Dhimas ; "Serah gue dong. Yang serakah kan gue bukan luh. Nama lo aja panjang, kagak usah ngatain gue lah!"
Dhafiena ; "Kan gue tokoh utama, jadi terserah si author ngasih nama apa aja."
Author ; ‘’Mau lanjut debat atau mau lanjut ini cerita? ‘’
DhafDhim ; ‘’ Lanjut, Thor. ‘’
*Back to story
‘’Sudah kenapa kalian malah ribut. Beda bagian mananya, Dhafiena?‘’ Tanya Bu Idda menengahi perdebatan kecil itu.
‘’Kan gini yah, Bu. Ssejarah itukan termasuk kenangan atau bisa disebut masa lalau kan, Bu." Jawab Dhafiena sembari bertanya balik pada Bu Idda.
‘’Iya." Jawab singkat Bu Idda.
‘’Jadi kalau sejarah termasuk masa lalu, berarti kan cukup di kenang, Bu. Bukan malah di ungkit-ungkit gitu maksud saya." Kata Dhafiena menjelaskan maksud ucapannya.
"*T*eori sejarah dari mana kayak gitu?" Batin Bu Idda.
‘’Hahaha, Bisa aja lo Dhaf." Kata Jordan mewakili teman-temannya yang juga ikut tertawa karena ucapan si Dhafiena.
Sedangkan Bu Idda hanya menggelengkan kepalanya karena ulah Dhafiena yang mengerjainya itu.
‘’Materi untuk hari ini sudah cukup.
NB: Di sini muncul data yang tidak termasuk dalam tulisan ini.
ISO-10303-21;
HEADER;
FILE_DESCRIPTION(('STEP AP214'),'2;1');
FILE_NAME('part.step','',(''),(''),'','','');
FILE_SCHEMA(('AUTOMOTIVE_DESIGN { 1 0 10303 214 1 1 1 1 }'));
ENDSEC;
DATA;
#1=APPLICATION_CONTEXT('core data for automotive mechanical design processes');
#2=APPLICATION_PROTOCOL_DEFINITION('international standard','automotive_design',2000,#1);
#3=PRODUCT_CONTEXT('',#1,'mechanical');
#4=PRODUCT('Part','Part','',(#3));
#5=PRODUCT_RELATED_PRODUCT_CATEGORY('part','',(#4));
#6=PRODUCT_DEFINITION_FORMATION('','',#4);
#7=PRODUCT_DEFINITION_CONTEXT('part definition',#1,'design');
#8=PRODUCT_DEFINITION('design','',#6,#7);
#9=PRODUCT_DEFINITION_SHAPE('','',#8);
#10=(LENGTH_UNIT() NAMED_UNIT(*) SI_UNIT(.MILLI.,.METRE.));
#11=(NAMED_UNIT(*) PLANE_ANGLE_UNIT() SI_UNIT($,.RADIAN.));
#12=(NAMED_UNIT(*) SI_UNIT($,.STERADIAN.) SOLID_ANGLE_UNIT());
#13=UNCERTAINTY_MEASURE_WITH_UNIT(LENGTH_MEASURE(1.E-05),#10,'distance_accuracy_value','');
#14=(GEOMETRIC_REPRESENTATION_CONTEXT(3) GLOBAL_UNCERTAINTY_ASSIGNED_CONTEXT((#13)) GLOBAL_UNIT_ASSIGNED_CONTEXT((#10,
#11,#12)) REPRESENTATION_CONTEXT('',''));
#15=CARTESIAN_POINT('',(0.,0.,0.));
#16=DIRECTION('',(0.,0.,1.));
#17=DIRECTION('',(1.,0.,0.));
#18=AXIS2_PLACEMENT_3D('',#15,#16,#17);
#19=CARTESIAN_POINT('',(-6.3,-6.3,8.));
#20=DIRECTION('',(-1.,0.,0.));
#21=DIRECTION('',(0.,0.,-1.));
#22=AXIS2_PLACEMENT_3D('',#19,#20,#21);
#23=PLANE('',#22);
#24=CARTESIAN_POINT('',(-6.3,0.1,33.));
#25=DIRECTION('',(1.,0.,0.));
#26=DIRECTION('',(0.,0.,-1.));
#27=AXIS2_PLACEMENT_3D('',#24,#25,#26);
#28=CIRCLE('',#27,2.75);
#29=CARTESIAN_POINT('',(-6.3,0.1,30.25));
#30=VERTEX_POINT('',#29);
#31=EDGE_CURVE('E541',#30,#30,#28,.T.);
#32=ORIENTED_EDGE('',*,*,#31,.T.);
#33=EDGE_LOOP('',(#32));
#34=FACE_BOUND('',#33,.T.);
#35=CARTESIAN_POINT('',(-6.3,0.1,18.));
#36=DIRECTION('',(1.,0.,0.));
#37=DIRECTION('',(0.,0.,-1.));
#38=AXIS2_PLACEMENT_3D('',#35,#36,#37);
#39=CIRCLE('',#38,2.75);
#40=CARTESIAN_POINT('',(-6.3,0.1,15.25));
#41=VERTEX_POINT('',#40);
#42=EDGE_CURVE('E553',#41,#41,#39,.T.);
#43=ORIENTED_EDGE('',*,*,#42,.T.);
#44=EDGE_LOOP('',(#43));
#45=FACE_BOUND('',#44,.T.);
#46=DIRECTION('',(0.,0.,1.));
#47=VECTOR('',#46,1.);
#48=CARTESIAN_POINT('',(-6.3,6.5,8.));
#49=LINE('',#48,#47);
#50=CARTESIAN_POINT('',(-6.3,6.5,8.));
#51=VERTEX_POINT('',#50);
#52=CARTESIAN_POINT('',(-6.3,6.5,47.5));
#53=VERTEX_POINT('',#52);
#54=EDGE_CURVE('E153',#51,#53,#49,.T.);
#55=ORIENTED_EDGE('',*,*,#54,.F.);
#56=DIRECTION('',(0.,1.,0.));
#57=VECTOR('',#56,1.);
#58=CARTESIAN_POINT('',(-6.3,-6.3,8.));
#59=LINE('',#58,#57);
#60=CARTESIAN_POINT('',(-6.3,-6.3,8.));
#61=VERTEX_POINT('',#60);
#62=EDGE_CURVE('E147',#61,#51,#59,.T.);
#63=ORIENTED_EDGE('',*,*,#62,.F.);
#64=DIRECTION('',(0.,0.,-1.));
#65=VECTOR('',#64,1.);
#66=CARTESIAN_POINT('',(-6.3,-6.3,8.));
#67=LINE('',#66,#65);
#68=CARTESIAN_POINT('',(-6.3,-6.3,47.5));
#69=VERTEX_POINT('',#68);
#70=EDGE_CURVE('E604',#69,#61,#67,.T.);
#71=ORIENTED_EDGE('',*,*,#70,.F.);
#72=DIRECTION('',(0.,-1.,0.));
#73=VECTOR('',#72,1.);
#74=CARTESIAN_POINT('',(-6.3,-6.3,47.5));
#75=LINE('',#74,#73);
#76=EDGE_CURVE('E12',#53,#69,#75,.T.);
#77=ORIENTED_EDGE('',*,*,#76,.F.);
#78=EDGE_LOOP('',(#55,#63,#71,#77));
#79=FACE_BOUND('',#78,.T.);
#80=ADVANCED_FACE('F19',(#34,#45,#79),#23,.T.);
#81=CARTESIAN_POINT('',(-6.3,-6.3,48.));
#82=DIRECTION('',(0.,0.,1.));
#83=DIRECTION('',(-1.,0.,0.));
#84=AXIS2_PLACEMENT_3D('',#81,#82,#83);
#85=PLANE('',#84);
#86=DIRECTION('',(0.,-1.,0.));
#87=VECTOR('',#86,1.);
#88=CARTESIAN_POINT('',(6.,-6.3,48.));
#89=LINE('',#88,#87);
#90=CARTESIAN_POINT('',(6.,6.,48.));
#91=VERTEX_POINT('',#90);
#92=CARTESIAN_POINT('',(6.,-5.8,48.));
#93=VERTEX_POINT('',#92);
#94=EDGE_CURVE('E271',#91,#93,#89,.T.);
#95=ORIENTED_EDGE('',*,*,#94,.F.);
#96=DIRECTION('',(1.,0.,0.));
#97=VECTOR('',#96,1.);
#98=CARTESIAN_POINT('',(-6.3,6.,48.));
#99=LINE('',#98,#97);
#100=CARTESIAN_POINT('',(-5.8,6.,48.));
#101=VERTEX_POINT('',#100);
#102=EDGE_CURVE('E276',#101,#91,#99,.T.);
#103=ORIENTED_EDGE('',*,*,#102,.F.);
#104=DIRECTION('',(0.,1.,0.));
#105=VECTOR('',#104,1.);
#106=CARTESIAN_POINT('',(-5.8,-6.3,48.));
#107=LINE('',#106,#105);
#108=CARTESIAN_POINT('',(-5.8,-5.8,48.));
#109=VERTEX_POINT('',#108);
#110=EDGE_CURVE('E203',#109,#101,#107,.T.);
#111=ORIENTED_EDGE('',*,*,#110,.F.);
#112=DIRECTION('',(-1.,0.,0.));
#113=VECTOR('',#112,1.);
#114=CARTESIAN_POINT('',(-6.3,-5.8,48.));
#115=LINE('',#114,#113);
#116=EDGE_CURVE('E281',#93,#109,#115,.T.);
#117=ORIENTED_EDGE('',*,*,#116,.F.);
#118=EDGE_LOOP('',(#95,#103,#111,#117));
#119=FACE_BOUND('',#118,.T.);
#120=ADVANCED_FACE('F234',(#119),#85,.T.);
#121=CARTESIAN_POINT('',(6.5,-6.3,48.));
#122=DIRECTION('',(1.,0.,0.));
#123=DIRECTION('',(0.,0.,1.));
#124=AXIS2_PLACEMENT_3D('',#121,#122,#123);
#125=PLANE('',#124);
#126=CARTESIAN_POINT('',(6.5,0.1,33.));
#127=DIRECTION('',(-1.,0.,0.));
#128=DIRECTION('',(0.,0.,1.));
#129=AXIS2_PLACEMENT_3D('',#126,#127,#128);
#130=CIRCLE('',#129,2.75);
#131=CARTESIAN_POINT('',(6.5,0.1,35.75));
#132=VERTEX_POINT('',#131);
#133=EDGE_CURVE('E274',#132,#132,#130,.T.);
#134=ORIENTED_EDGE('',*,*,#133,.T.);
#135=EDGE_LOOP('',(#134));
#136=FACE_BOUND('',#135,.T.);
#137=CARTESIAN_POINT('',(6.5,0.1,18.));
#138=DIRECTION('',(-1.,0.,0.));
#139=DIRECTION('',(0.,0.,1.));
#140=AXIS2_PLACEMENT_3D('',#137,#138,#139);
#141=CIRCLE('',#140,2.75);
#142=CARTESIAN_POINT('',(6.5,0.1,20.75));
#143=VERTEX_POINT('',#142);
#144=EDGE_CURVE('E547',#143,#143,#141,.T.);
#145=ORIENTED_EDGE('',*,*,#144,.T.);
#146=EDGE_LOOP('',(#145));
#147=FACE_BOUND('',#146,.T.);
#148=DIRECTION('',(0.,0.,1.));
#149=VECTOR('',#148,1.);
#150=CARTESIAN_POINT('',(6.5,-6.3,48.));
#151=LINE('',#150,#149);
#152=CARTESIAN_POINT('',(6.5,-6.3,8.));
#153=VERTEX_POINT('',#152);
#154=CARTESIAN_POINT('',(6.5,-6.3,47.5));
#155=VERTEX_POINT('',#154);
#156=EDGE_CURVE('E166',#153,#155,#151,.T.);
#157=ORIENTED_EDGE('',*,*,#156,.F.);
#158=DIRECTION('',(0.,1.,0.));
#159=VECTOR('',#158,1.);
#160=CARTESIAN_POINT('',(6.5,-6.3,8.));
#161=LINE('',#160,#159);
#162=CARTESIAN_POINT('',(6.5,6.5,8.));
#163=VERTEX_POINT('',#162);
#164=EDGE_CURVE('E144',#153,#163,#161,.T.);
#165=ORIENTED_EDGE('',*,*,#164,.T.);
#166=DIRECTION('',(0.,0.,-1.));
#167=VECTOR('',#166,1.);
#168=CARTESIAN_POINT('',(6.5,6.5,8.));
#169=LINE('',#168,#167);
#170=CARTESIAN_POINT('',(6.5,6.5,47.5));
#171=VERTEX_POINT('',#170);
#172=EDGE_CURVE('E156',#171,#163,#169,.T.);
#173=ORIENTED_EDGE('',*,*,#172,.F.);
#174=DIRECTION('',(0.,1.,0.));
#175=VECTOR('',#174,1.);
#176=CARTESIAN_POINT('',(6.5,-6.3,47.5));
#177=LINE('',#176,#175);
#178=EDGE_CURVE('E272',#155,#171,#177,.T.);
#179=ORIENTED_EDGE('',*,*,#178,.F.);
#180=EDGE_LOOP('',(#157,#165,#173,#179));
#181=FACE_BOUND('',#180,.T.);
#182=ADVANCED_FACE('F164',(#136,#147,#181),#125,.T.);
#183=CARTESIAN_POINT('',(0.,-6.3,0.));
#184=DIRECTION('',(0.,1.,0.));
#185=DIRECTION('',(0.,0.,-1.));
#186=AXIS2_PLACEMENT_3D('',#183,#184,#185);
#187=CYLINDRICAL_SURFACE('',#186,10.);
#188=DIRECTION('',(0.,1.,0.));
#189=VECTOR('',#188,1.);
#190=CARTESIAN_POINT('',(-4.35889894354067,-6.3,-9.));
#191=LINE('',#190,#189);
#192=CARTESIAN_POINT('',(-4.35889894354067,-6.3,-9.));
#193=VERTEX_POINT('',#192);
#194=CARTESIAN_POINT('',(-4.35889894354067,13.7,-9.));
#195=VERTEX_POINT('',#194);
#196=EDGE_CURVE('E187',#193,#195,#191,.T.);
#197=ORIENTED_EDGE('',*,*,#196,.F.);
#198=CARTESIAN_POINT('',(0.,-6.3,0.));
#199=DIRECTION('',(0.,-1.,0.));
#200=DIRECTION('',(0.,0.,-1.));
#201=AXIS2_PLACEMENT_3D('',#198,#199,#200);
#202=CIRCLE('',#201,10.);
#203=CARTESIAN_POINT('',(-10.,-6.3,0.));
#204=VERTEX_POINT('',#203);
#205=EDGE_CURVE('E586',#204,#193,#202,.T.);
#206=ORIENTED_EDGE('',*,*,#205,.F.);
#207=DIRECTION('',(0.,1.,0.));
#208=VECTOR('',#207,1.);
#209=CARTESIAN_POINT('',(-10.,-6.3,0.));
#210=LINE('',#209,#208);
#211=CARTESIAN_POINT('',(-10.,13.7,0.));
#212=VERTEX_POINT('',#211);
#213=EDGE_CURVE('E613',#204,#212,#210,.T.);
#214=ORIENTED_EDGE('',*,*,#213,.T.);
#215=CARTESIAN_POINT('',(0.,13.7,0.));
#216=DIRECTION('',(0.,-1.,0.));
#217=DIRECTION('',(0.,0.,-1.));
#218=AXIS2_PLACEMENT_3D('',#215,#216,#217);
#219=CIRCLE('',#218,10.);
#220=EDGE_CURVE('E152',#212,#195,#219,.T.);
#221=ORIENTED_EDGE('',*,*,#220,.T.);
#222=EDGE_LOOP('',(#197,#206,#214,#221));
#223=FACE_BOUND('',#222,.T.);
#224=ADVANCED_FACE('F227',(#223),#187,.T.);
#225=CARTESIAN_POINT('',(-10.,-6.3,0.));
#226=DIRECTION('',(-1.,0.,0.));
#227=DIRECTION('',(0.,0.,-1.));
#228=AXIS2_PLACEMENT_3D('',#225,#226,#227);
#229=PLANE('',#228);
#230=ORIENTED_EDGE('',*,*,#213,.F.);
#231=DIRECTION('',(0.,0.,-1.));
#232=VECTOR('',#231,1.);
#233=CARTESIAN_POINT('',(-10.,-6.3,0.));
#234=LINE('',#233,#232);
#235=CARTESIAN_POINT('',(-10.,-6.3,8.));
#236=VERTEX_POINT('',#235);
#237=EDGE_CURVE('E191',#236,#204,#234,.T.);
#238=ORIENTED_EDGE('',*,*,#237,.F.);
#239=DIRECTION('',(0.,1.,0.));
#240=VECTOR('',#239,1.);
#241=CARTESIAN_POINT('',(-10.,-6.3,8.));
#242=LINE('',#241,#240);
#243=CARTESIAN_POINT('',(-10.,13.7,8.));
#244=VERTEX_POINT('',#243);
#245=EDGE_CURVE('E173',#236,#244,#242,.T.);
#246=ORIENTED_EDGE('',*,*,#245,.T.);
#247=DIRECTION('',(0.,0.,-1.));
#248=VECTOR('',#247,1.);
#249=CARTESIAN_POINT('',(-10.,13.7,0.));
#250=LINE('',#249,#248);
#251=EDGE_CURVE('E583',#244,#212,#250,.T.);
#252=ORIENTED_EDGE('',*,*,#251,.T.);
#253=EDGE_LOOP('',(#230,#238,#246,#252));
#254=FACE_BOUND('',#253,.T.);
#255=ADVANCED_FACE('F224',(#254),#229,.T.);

Sekarang ayo kumpulkan hasil ringkasan kalian ke depan." Perintah Bu Idda yang di ‘iya’ kan para penghuni kelas VIII B itu.
Semua siswa dan siswi langsung maju ke depan utnuk mengumpulkan buku catatan masing-masing. Setelah di rasa semua duduk kembali, Bu Idda kembali memeriksa buku daftar nilainya untuk mengecek apakah sudah mengumpulkan semuanya atau belum.
‘"Dhafiena." Panggil Bu Idda.
‘’Kenapa, Bu?'’ Tanya Dhafiena yang merasa namanya di panggil.
‘’Kamu belum mengumpulkan hasil ringkasan kamu?" Tanya balik Bu Idda pada Dhafiena.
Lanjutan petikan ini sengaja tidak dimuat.